The parties agreed that, notwithstanding reasonable attempts to find the necessary documents, the Ministry no longer had records for the period Mr. Walker worked on a fee-for-service basis.
In September 17, 1990, Chair Pamela Picher issued a decision of the Ontario Public Service Labour Relations Tribunal regarding the status of certain employees (hereinafter referred to as “the Picher decision”). The Tribunal found that various court employees, including fee-for-service deputy bailiffs were crown employees and public servants. At page 90 of that decision the Tribunal stated:
For the reasons set out above for the clerks and bailiffs, the Tribunal concludes that the deputy bailiffs either were appointed in accordance with section 8 of the P.S.A. or, in any event, must be deemed to have been appointed under the P.S.A. for the purposes of the definition of “public servant” under section 1(g) of the P.S.A.
The Tribunal therefore finds that the deputy clerks and bailiffs are “person[s] appointed under the [P.S.A.] to the service of the Crown by the Lieutenant Governor In Council …. Or by a minister….. and are therefore “public servants” within the meaning of section 1(g) of the P.S.A. and section 1 (1)(m) of C.E.C.B.A.

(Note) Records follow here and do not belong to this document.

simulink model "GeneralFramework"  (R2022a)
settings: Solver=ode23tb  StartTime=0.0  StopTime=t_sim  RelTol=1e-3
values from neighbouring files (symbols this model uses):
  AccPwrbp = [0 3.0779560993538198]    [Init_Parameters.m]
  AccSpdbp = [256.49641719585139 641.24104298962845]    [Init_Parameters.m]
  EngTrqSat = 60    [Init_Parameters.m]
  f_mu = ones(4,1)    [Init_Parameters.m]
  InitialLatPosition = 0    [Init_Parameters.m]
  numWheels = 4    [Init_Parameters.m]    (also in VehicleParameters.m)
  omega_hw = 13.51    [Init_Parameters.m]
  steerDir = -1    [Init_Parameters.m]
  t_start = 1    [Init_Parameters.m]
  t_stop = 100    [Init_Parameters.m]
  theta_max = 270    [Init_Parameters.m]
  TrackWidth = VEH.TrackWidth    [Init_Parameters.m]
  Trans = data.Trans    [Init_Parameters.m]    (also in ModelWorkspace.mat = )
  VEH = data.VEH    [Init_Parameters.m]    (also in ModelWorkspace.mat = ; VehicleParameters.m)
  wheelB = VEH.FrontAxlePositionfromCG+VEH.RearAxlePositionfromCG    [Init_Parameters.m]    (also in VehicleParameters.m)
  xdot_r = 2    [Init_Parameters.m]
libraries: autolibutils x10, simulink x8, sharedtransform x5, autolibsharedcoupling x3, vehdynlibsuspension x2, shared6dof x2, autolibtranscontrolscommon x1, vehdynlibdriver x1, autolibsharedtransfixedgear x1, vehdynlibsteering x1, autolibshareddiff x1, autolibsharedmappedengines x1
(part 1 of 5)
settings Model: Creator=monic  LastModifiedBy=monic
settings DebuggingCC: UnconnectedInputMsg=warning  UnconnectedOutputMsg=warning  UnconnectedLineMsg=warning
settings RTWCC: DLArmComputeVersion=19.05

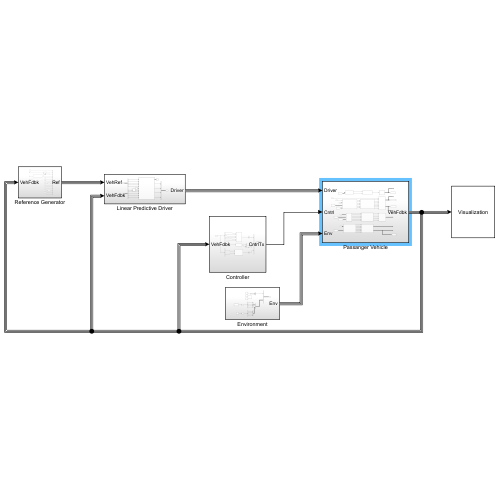
[thumbnail: Simulink's stored preview of the top-level diagram]
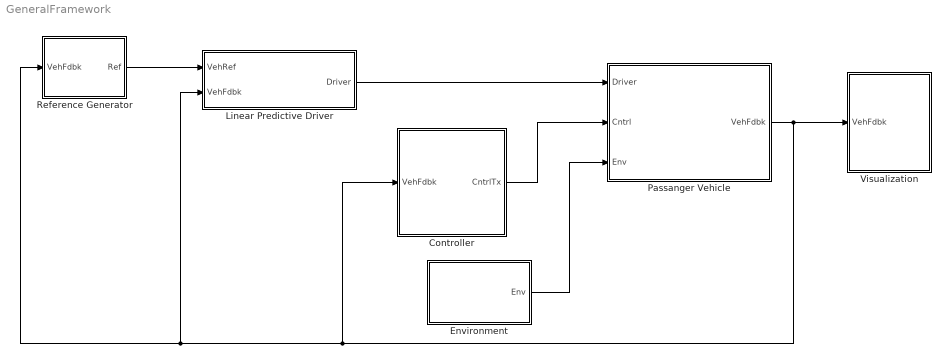
== system GeneralFramework ==
  Controller : Subsystem
  Environment : Subsystem
  Linear Predictive Driver : Subsystem
  Passanger Vehicle : Subsystem
  Reference Generator : Subsystem
  Visualization : Subsystem
      mask Display: disp('Visualization')
  wires:
  Environment/1(Env) -> Passanger Vehicle/3(Env)
  Linear Predictive Driver/1(Driver) -> Passanger Vehicle/1(Driver)
  Passanger Vehicle/1(VehFdbk) -> Visualization/1(VehFdbk), Controller/1(VehFdbk), Linear Predictive Driver/2(VehFdbk), Reference Generator/1(VehFdbk)
  Reference Generator/1(Ref) -> Linear Predictive Driver/1(VehRef)
  Controller/1(CntrlTx) -> Passanger Vehicle/2(Cntrl)

== system GeneralFramework/Controller ==
  VehFdbk : Inport
  Active Differential Control : Subsystem  VariantControl=0
  Brake Pressure Control : Subsystem  VariantControl=0
  Bus Creator1 : BusCreator  Inputs=1
  Bus Creator2 : BusCreator  Inputs=2
  Bus Creator3 : BusCreator  Inputs=3
  Bus Creator4 : BusCreator  Inputs=1
  Bus Selector : BusSelector  OutputSignals=Driver.DecelFdbk
  Bus Selector1 : BusSelector  OutputSignals=Driver.AccFdbk,Driver.DecelFdbk,Driver.GearFdbk,Driveline.EngSpd,Wheels.TireFrame.Omega
  Bus Selector3 : BusSelector  OutputSignals=Driver.AccFdbk,Driver.SteerFdbk
  Trasmission Control : Subsystem
  CntrlTx : Outport  VectorParamsAs1DForOutWhenUnconnected=off
  wires:
  VehFdbk/1 -> Bus Selector3/1, Bus Selector/1, Bus Selector1/1
  Bus Selector1/3 -> Trasmission Control/3(GearReq)  "<GearFdbk>"
  Bus Selector1/4 -> Trasmission Control/4(EngSpd)  "<EngSpd>"
  Bus Selector1/2 -> Trasmission Control/2(BrkCmd)  "<DecelFdbk>"
  Bus Selector1/5 -> Trasmission Control/5(Omega)  "<Omega>"
  Bus Selector/1 -> ?  "<DecelFdbk>"
  Bus Selector1/1 -> Trasmission Control/1(Accel)  "<AccFdbk>"
  [ABSFlag] -> Trasmission Control/6(ABSFlag)
  Bus Selector3/2 -> Active Differential Control/2(Steer)  "<SteerFdbk>"
  Bus Selector3/1 -> Active Differential Control/1(axayaz)  "<AccFdbk>"
  Brake Pressure Control/2(ABSFlag) -> [ABSFlag], Bus Creator2/2  "ABSFlag"
  Brake Pressure Control/1(BrkPrsCmd) -> Bus Creator2/1  "BrkPrsCmd"
  Bus Creator3/1 -> CntrlTx/1  "CntrlTx"
  Trasmission Control/1(Gear) -> Bus Creator1/1  "GearCmd"
  Active Differential Control/1(DiffPrsCmd) -> Bus Creator4/1  "DiffPrsCmd"
  Bus Creator4/1 -> Bus Creator3/3  "Diff"
  Bus Creator1/1 -> Bus Creator3/1  "Transmission"
  Bus Creator2/1 -> Bus Creator3/2  "BrkPrsCmd"

== system GeneralFramework/Environment ==
  Bus Creator : BusCreator  Inputs=4
  Bus Creator1 : BusCreator  Inputs=2
  Bus Creator2 : BusCreator  Inputs=4
  Bus Creator3 : BusCreator  Inputs=2
  Constant1 : Constant  Value=zeros(4,1)
  Constant2 : Constant  Value=f_mu
  Constant3 : Constant  Value=0
  Constant4 : Constant  Value=0
  Constant5 : Constant  Value=0
  Demux : Demux
  Demux1 : Demux
  Signal Specification : SignalSpecification  Unit=m
  Signal Specification1 : SignalSpecification  Unit=1
  Vector Concatenate : Concatenate  NumInputs=3
  Env : Outport  VectorParamsAs1DForOutWhenUnconnected=off
  wires:
  Constant3/1 -> Vector Concatenate/1  "X"
  Constant5/1 -> Vector Concatenate/3  "Z"
  Bus Creator1/1 -> Env/1
  Vector Concatenate/1 -> Bus Creator1/1  "Wind"
  Constant4/1 -> Vector Concatenate/2  "Y"
  Bus Creator3/1 -> Bus Creator1/2  "Ground"
  Demux1/3 -> Bus Creator2/3  "mu_RL"
  Demux1/1 -> Bus Creator2/1  "mu_FL"
  Bus Creator2/1 -> Bus Creator3/2  "mu"
  Demux1/4 -> Bus Creator2/4  "mu_RR"
  Bus Creator/1 -> Bus Creator3/1  "z"
  Demux1/2 -> Bus Creator2/2  "mu_FR"
  Demux/2 -> Bus Creator/2  "G_FR_z"
  Signal Specification1/1 -> Demux1/1
  Demux/3 -> Bus Creator/3  "G_RL_z"
  Demux/4 -> Bus Creator/4  "G_RR_z"
  Demux/1 -> Bus Creator/1  "G_FL_z"
  Signal Specification/1 -> Demux/1
  Constant1/1 -> Signal Specification/1
  Constant2/1 -> Signal Specification1/1

== system GeneralFramework/Linear Predictive Driver ==
  VehRef : Inport
  VehFdbk : Inport  Port=2
  Bus Creator1 : BusCreator  Inputs=4
  Bus Selector : BusSelector  OutputSignals=Body.BdyFrm.Cg.Vel.xdot,Body.InertFrm.Cg.Disp.Y,Body.BdyFrm.Cg.Vel.ydot,Body.InertFrm.Cg.Ang.psi,Body.BdyFrm.Cg.AngVel.r
  Bus Selector1 : BusSelector  OutputSignals=LngRef,LtrlRef,EnblSteerCmd,SteerOvrCmd,AccelZero
  Dead Zone : DeadZone  LowerValue=-.5  UpperValue=.5  ZeroCross=off
  Ground : Ground
  Linear Predictive Driver : vehdynlibdriver/Predictive Driver  extAccelOvr=off  extDecelOvr=off  extAccelHld=off  extDecelHld=off  extAccelZero=on  extDecelZero=off  extSteerOvr=on  extSteerHld=off  extSteerZero=off  cntrlType=Predictive  cntrlTypeLat=Predictive  shftType=Reverse, Neutral, Drive  coordMode=SAE J670 (Z-down)  refType=Reference pose  velUnits=m/s  angUnits=rad  gearOut=on  steerOut=on  Kp=3  Ki=1  Kff=1  Kg=0  VehVelVec=[0 100]  KffVec=[.1 .1]  KpVec=[10 10]  KiVec=[5 5]  KgVec=[0 0]  vnom=5  Kaw=1  tauerr=.075  tau=0.3  L=0.75  Kpt=15000  aR=200  bR=2.5  cR=.5  g=9.81  vecPose=off  dynamMode=off  PositionGainF=2.5  PositionGainR=2.5  YawRateGain=.2  DelayGain=.2  enableDrift=off  BetaRef=20*pi/180  KpBeta=1  KpDrift=2  KdDrift=1  KpPsi=6  KOmega=30  tOmega=1  a=VEH.FrontAxlePositionfromCG  b=VEH.RearAxlePositionfromCG  m=VEH.Mass  Cy_f=50000  Cy_r=70000  I=VEH.YawMomentInertia  Ksteer=18  theta=40*pi/180  Idl=3  Re=.3  lambda_mu=1  GearInit=0  tShift=.1  pdlVec=[0.1 0.4 0.5 0.9]  upShftTbl=[-1 12.9375 26.4375 39.9375 51.18749999999999 62.4375 72.84375 83.25;-1 16.3125 29.8125 43.3125 54.5624 65.8125 76.78125 87.75;-1 19.6875 33.1875 46.68749999999999 57.9375 69.1875 80.71875 92.25;-1 33 52.5 77.25 100.5 138.75 161.875 185]  dwnShftTbl=[-1 12.9375 26.4375 39.9375 51.18749999999999 62.4375 72.84375 83.25;-1 16.3125 29.8125 43.3125 54.5624 65.8125 76.78125 87.75;-1 19.6875 33.1875 46.68749999999999 57.9375 69.1875 80.71875 92.25;-1 33 52.5 77.25 100.5 138.75 161.875 185]  tClutch=.5  tRev=.5  tPark=120  UpGearVec="[0  1  2  3  4  5  6  7]"  DownGearVec="[1  2  3  4  5  6  7  8]"  aMode=2
      settings: SourceProductBaseCode=VE
  Terminator : Terminator
  Driver : Outport
  wires:
  Linear Predictive Driver/4 -> Bus Creator1/3  "DecelCmd"
  Bus Selector/3 -> Linear Predictive Driver/9  "<ydot>"
  Ground/1 -> Linear Predictive Driver/6
  Bus Selector/5 -> Linear Predictive Driver/11  "<r>"
  VehFdbk/1 -> Bus Selector/1
  Bus Selector1/4 -> Linear Predictive Driver/4  "<SteerOvrCmd>"
  Bus Selector/1 -> Dead Zone/1  "<xdot>"
  Bus Selector1/1 -> Linear Predictive Driver/1  "<LngRef>"
  Bus Selector1/2 -> Linear Predictive Driver/2  "<LtrlRef>"
  Linear Predictive Driver/3 -> Bus Creator1/2  "AccelCmd"
  Bus Selector1/3 -> Linear Predictive Driver/3  "<EnblSteerCmd>"
  Linear Predictive Driver/5 -> Bus Creator1/4  "GearCmd"
  Bus Creator1/1 -> Driver/1
  Bus Selector/2 -> Linear Predictive Driver/8  "<Y>"
  Linear Predictive Driver/2 -> Bus Creator1/1  "SteerCmd"
  Bus Selector/4 -> Linear Predictive Driver/10  "<psi>"
  Bus Selector1/5 -> Linear Predictive Driver/5  "<AccelZero>"
  Linear Predictive Driver/1 -> Terminator/1
  Dead Zone/1 -> Linear Predictive Driver/7
  VehRef/1 -> Bus Selector1/1

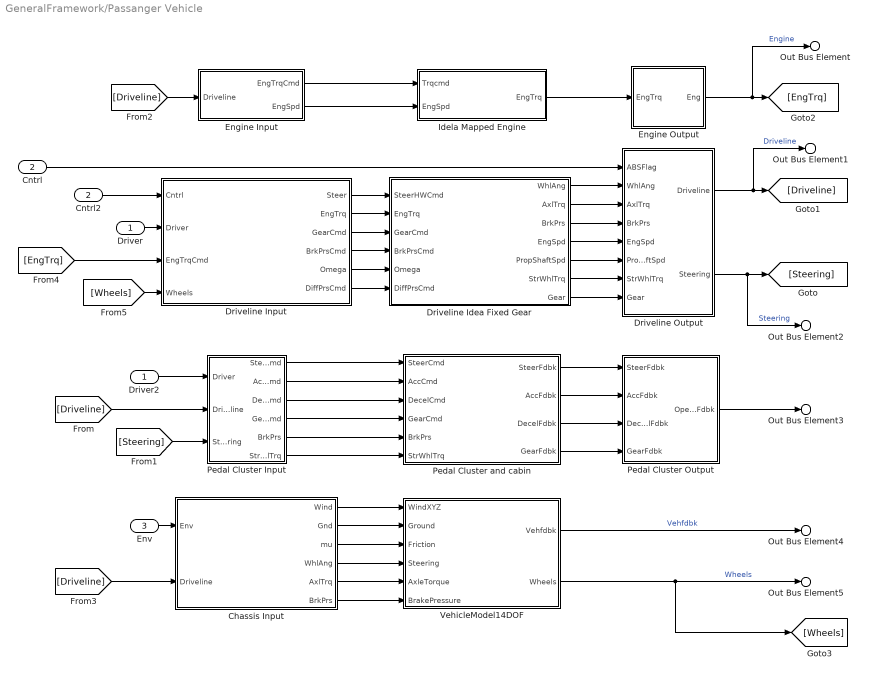
== system GeneralFramework/Passanger Vehicle ==
  Driver : Inport
  Cntrl : Inport  Port=2
  Env : Inport  Port=3
  Chassis Input : Subsystem
  Cntrl2 : InportShadow  Port=2
  Driveline Idea Fixed Gear : Subsystem
  Driveline Input : Subsystem
  Driveline Output : Subsystem
  Driver2 : InportShadow
  Engine Input : Subsystem
  Engine Output : Subsystem
  Idela Mapped Engine : Subsystem
  Pedal Cluster Input : Subsystem
  Pedal Cluster Output : Subsystem
  Pedal Cluster and cabin : Subsystem
  VehicleModel14DOF : Subsystem
  Out Bus Element4 : Outport  PortName=VehFdbk  Element=Body
  Out Bus Element5 : Outport  PortName=VehFdbk  Element=Wheels
  Out Bus Element3 : Outport  PortName=VehFdbk  Element=Driver
  Out Bus Element2 : Outport  PortName=VehFdbk  Element=Steering
  Out Bus Element1 : Outport  PortName=VehFdbk  Element=Driveline
  Out Bus Element : Outport  PortName=VehFdbk  Element=Engine
  wires:
  Driveline Idea Fixed Gear/7(Gear) -> Driveline Output/8(Gear)
  [Driveline] -> Chassis Input/2(Driveline)
  Engine Input/1(EngTrqCmd) -> Idela Mapped Engine/1(Trqcmd)
  Pedal Cluster and cabin/2(AccFdbk) -> Pedal Cluster Output/2(AccFdbk)
  Driveline Input/4(BrkPrsCmd) -> Driveline Idea Fixed Gear/4(BrkPrsCmd)
  Pedal Cluster Input/3(DecelCmd) -> Pedal Cluster and cabin/3(DecelCmd)
  VehicleModel14DOF/2(Wheels) -> Out Bus Element5/1, [Wheels]  "Wheels"
  Pedal Cluster Input/2(AccelCmd) -> Pedal Cluster and cabin/2(AccCmd)
  Driver/1 -> Driveline Input/2(Driver)
  Pedal Cluster and cabin/3(DecelFdbk) -> Pedal Cluster Output/3(DecelFdbk)
  Engine Input/2(EngSpd) -> Idela Mapped Engine/2(EngSpd)
  [Driveline] -> Pedal Cluster Input/2(Driveline)
  Driveline Idea Fixed Gear/1(WhlAng) -> Driveline Output/2(WhlAng)
  Pedal Cluster and cabin/4(GearFdbk) -> Pedal Cluster Output/4(GearFdbk)
  Driveline Input/3(GearCmd) -> Driveline Idea Fixed Gear/3(GearCmd)
  [Steering] -> Pedal Cluster Input/3(Steering)
  Cntrl/1 -> Driveline Output/1(ABSFlag)
  [EngTrq] -> Driveline Input/3(EngTrqCmd)
  Driveline Input/6(DiffPrsCmd) -> Driveline Idea Fixed Gear/6(DiffPrsCmd)
  Driver2/1 -> Pedal Cluster Input/1(Driver)
  Idela Mapped Engine/1(EngTrq) -> Engine Output/1("EngTrq ")
  Pedal Cluster Input/1(SteerCmd) -> Pedal Cluster and cabin/1(SteerCmd)
  Pedal Cluster Input/5(BrkPrs) -> Pedal Cluster and cabin/5(BrkPrs)
  [Wheels] -> Driveline Input/4(Wheels)
  Driveline Input/1(Steer) -> Driveline Idea Fixed Gear/1(SteerHWCmd)
  Driveline Input/2(EngTrq) -> Driveline Idea Fixed Gear/2(EngTrq)
  Pedal Cluster and cabin/1(SteerFdbk) -> Pedal Cluster Output/1(SteerFdbk)
  Driveline Input/5(Omega) -> Driveline Idea Fixed Gear/5(Omega)
  Env/1 -> Chassis Input/1(Env)
  Driveline Idea Fixed Gear/3(BrkPrs) -> Driveline Output/4(BrkPrs)
  Driveline Idea Fixed Gear/4(EngSpd) -> Driveline Output/5(EngSpd)
  Driveline Output/2(Steering) -> Out Bus Element2/1, [Steering]  "Steering"
  Engine Output/1(Eng) -> Out Bus Element/1, [EngTrq]  "Engine"
  Driveline Idea Fixed Gear/6(StrWhlTrq) -> Driveline Output/7(StrWhlTrq)
  Driveline Idea Fixed Gear/5(PropShaftSpd) -> Driveline Output/6(PropShftSpd)
  [Driveline] -> Engine Input/1(Driveline)
  Pedal Cluster Input/4(GearCmd) -> Pedal Cluster and cabin/4(GearCmd)
  Driveline Idea Fixed Gear/2(AxlTrq) -> Driveline Output/3(AxlTrq)
  VehicleModel14DOF/1(Vehfdbk) -> Out Bus Element4/1  "Vehfdbk"
  Pedal Cluster Input/6(StrWhlTrq) -> Pedal Cluster and cabin/6(StrWhlTrq)
  Cntrl2/1 -> Driveline Input/1(Cntrl)
  Pedal Cluster Output/1(OperatorFdbk) -> Out Bus Element3/1
  Driveline Output/1(Driveline) -> Out Bus Element1/1, [Driveline]  "Driveline"
  Chassis Input/1(Wind) -> VehicleModel14DOF/1(WindXYZ)
  Chassis Input/2(Gnd) -> VehicleModel14DOF/2(Ground)
  Chassis Input/3(mu) -> VehicleModel14DOF/3(Friction)
  Chassis Input/4(WhlAng) -> VehicleModel14DOF/4(Steering)
  Chassis Input/5(AxlTrq) -> VehicleModel14DOF/5(AxleTorque)
  Chassis Input/6(BrkPrs) -> VehicleModel14DOF/6(BrakePressure)

== system GeneralFramework/Reference Generator ==
  Bus Element In1 : Inport  PortName=VehFdbk  Element=Body.BdyFrm.Cg.Vel.xdot
  Bus Element In2 : Inport  PortName=VehFdbk  Element=Body.InertFrm.Cg.Disp.Y
  Bus Creator2 : BusCreator  Inputs=14
  Compare To Zero : simulink/Logic and Bit Operations/Compare To Zero  relop=~=  OutDataTypeStr=boolean  ZeroCross=off
  Constant{4..7,10..12} (7 alike) : Constant  Value=false
  Constant2 : Constant  Value=false  OutDataTypeStr=boolean
  Constant3 : Constant  Value=0
  Constant8 : Constant  Value=0
  Ground : Ground
  LatchSwitchCont : autolibutils/LatchSwitchCont  aMode=2
      settings: SourceProductBaseCode=PW,DR,MT,VE
  Longitudinal Velocity Reference : vehdynlibscenariocommon/Slowly Increasing Steer/Longitudinal Velocity Reference  SystemSampleTime=-1  VariantActivationTime=update diagram  Latency=0  AutoFrameSizeCalculation=off
      settings: SourceProductBaseCode=VE
  Signal Specification : SignalSpecification  Unit=m
  Signal Specification2 : SignalSpecification  Unit=one
  Signal Specification3 : SignalSpecification  Unit=one
  Steer Command Generator : Subsystem
  Ref : Outport  VectorParamsAs1DForOutWhenUnconnected=off
  wires:
  Steer Command Generator/1(SteerOvrCmd) -> Compare To Zero/1, Bus Creator2/4  "SteerOvrCmd"
  Signal Specification3/1 -> Bus Creator2/12  "DecelOvrCmd"
  Constant10/1 -> Bus Creator2/11  "EnblDecelCmd"
  Constant4/1 -> Bus Creator2/7  "EnblAccelOvr"
  LatchSwitchCont/1 -> Bus Creator2/3  "EnblSteerCmd"
  Constant8/1 -> Signal Specification2/1
  Signal Specification2/1 -> Bus Creator2/8  "AccelOvrCmd"
  Longitudinal Velocity Reference/1 -> Bus Creator2/1  "LngRef"
  Constant3/1 -> Signal Specification3/1
  Bus Creator2/1 -> Ref/1
  Constant2/1 -> Bus Creator2/10  "AccelZero"
  Constant5/1 -> Bus Creator2/5  "SteerHld"
  Compare To Zero/1 -> LatchSwitchCont/1
  Constant7/1 -> Bus Creator2/9  "AccelHld"
  Signal Specification/1 -> Bus Creator2/2  "LtrlRef"
  Constant6/1 -> Bus Creator2/6  "SteerZero"
  Constant11/1 -> Bus Creator2/13  "DecelHld"
  Constant12/1 -> Bus Creator2/14  "DecelZero"
  Ground/1 -> LatchSwitchCont/2
  Bus Element In1/1 -> Steer Command Generator/1(<xdot>)
  Bus Element In2/1 -> Signal Specification/1

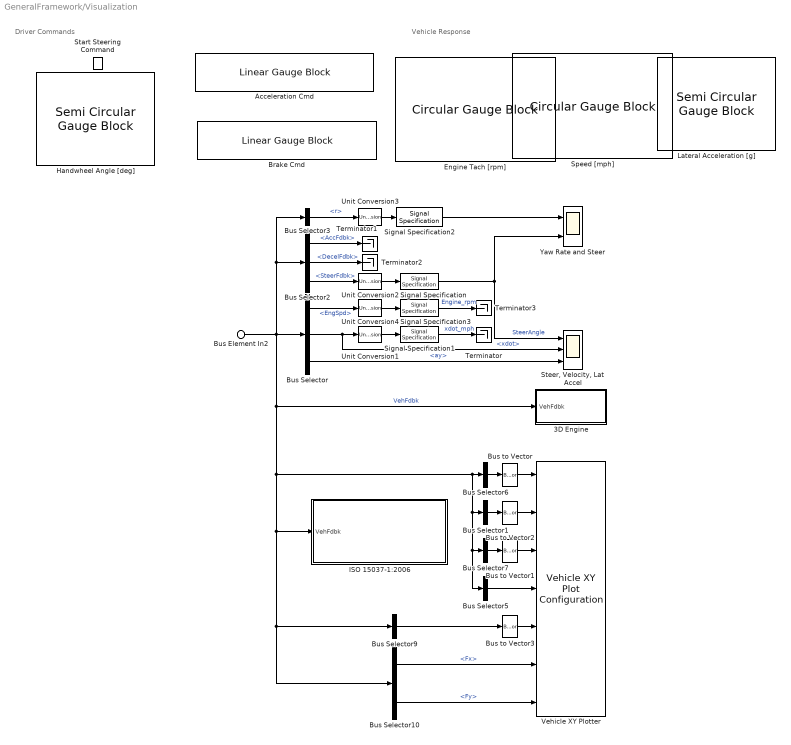
== system GeneralFramework/Visualization ==
  note: Driver Commands
  note: Vehicle Response
  Bus Element In2 : Inport  PortName=VehFdbk
  3D Engine : Subsystem  Variant=on  mask(3D Engine){engine3D=Disabled, use3DOp=off, SceneDesc=Open surface, dt3D=.03, defaultPos=Recommended for scene, X_o=0, Y_o=0, Z_o=0, phi_o=0, theta_o=0, psi_o=0}
      mask prompts: engine3D "vdynblks:vehdynRefApp3DEng:blkPrm_engine3D"; use3DOp "Use default operating point"; SceneDesc "vdynblks:vehdynRefApp3DEng:blkPrm_SceneDesc"; dt3D "vdynblks:vehdynRefApp3DEng:blkPrm_dt3D"; X_o "vdynblks:vehdynRefApp3DEng:blkPrm_X_o"; Y_o "vdynblks:vehdynRefApp3DEng:blkPrm_Y_o"; Z_o "vdynblks:vehdynRefApp3DEng:blkPrm_Z_o"; phi_o "vdynblks:vehdynRefApp3DEng:blkPrm_phi_o"; theta_o "vdynblks:vehdynRefApp3DEng:blkPrm_theta_o"; psi_o "vdynblks:vehdynRefApp3DEng:blkPrm_psi_o"
      mask help: This subsystem contains the interface blocks which permit the display of the vehicle in the 3D virtual environment. Enable it to view the simulation progress, disable it to inhibit the display.
      mask init:
      | GrndFdbkPath = find_system(bdroot(gcb),'BlockType','SubSystem','Name','Ground Feedback');
      | ManBlkName = 'Slowly Increasing Steer';
      | ManBlkPath = find_system(bdroot(gcb),'BlockType','SubSystem','Name',ManBlkName);
      | OpVarName = 'dlcSS35mph';
      | switch get_param(gcb,'engine3D')    
      |     case 'Disabled'
      |         try
      |             set_param(GrndFdbkPath{:},'OverrideUsingVariant','0');
      |         catch
      |             disp('Warning: No ground feedback sensor not set')
      |         end
      |         try
      |             if strcmp(get_param(gcb,'use3DOp'),'on') && strcmp(get_param(ManBlkPath{:},'ssMode'),'Resume from a workspace variable')
      |                 set_param(ManBlkPath{:},'ssVar',OpVarName);
      |             end
      |         catch
      |              disp('Warning: Maneuver source block not found. Steady state operating point not set')
      |         end
      |     case 'Enabled'
      |         try
      |             set_param(GrndFdbkPath{:},'OverrideUsingVariant','1');            
      |         catch
      |             disp('Warning: Ground feedback from game engine was not found. Using constant values from model instead.')
      |         end
      |         try
      |             if strcmp(get_param(gcb,'use3DOp'),'on') && strcmp(get_param(ManBlkPath{:},'ssMode'),'Resume from a workspace variable')
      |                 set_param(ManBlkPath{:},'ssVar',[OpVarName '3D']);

There were no immediate steps taken by the parties to deal with the grievor’s status after the Picher decision. However, on November 7, 1994, the parties agreed to a Memorandum of Agreement for court employees that stated:
The parties agreed as follows:
Discussion of all outstanding pension issues to be continued by the parties at a date to be agreed upon.
Pay equity adjustments applicable to eligible salaried small claims court employees to be retroactive to January 1, 1990.
Date for calculation of severance entitlements will be the date of hire.
Seniority for the purposes of Article 4 & 24 will be calculated from the date of grievance (October 30, 1984), or date of hire, whichever is later.
All eligible (converted) employees to be placed at the maximum of the salary grid for their classification effective April 1, 1995.
Vacation entitlement will be calculated as follows for all employees converted to classified service:
(a) For salaried small claims court employees:
Accrual of vacation credits to be based on the rate of accrual in effect prior to conversion.
For 1993 & 1994 the difference between the former accrual rate and post conversion rate will be calculated and banked to the employee’s credit for January 1, 1995.
At no time will an employee be paid out in excess of one year’s accrual
Management will facilitate the scheduling of time off, and priority will be given to employees in jeopardy of losing banked credits.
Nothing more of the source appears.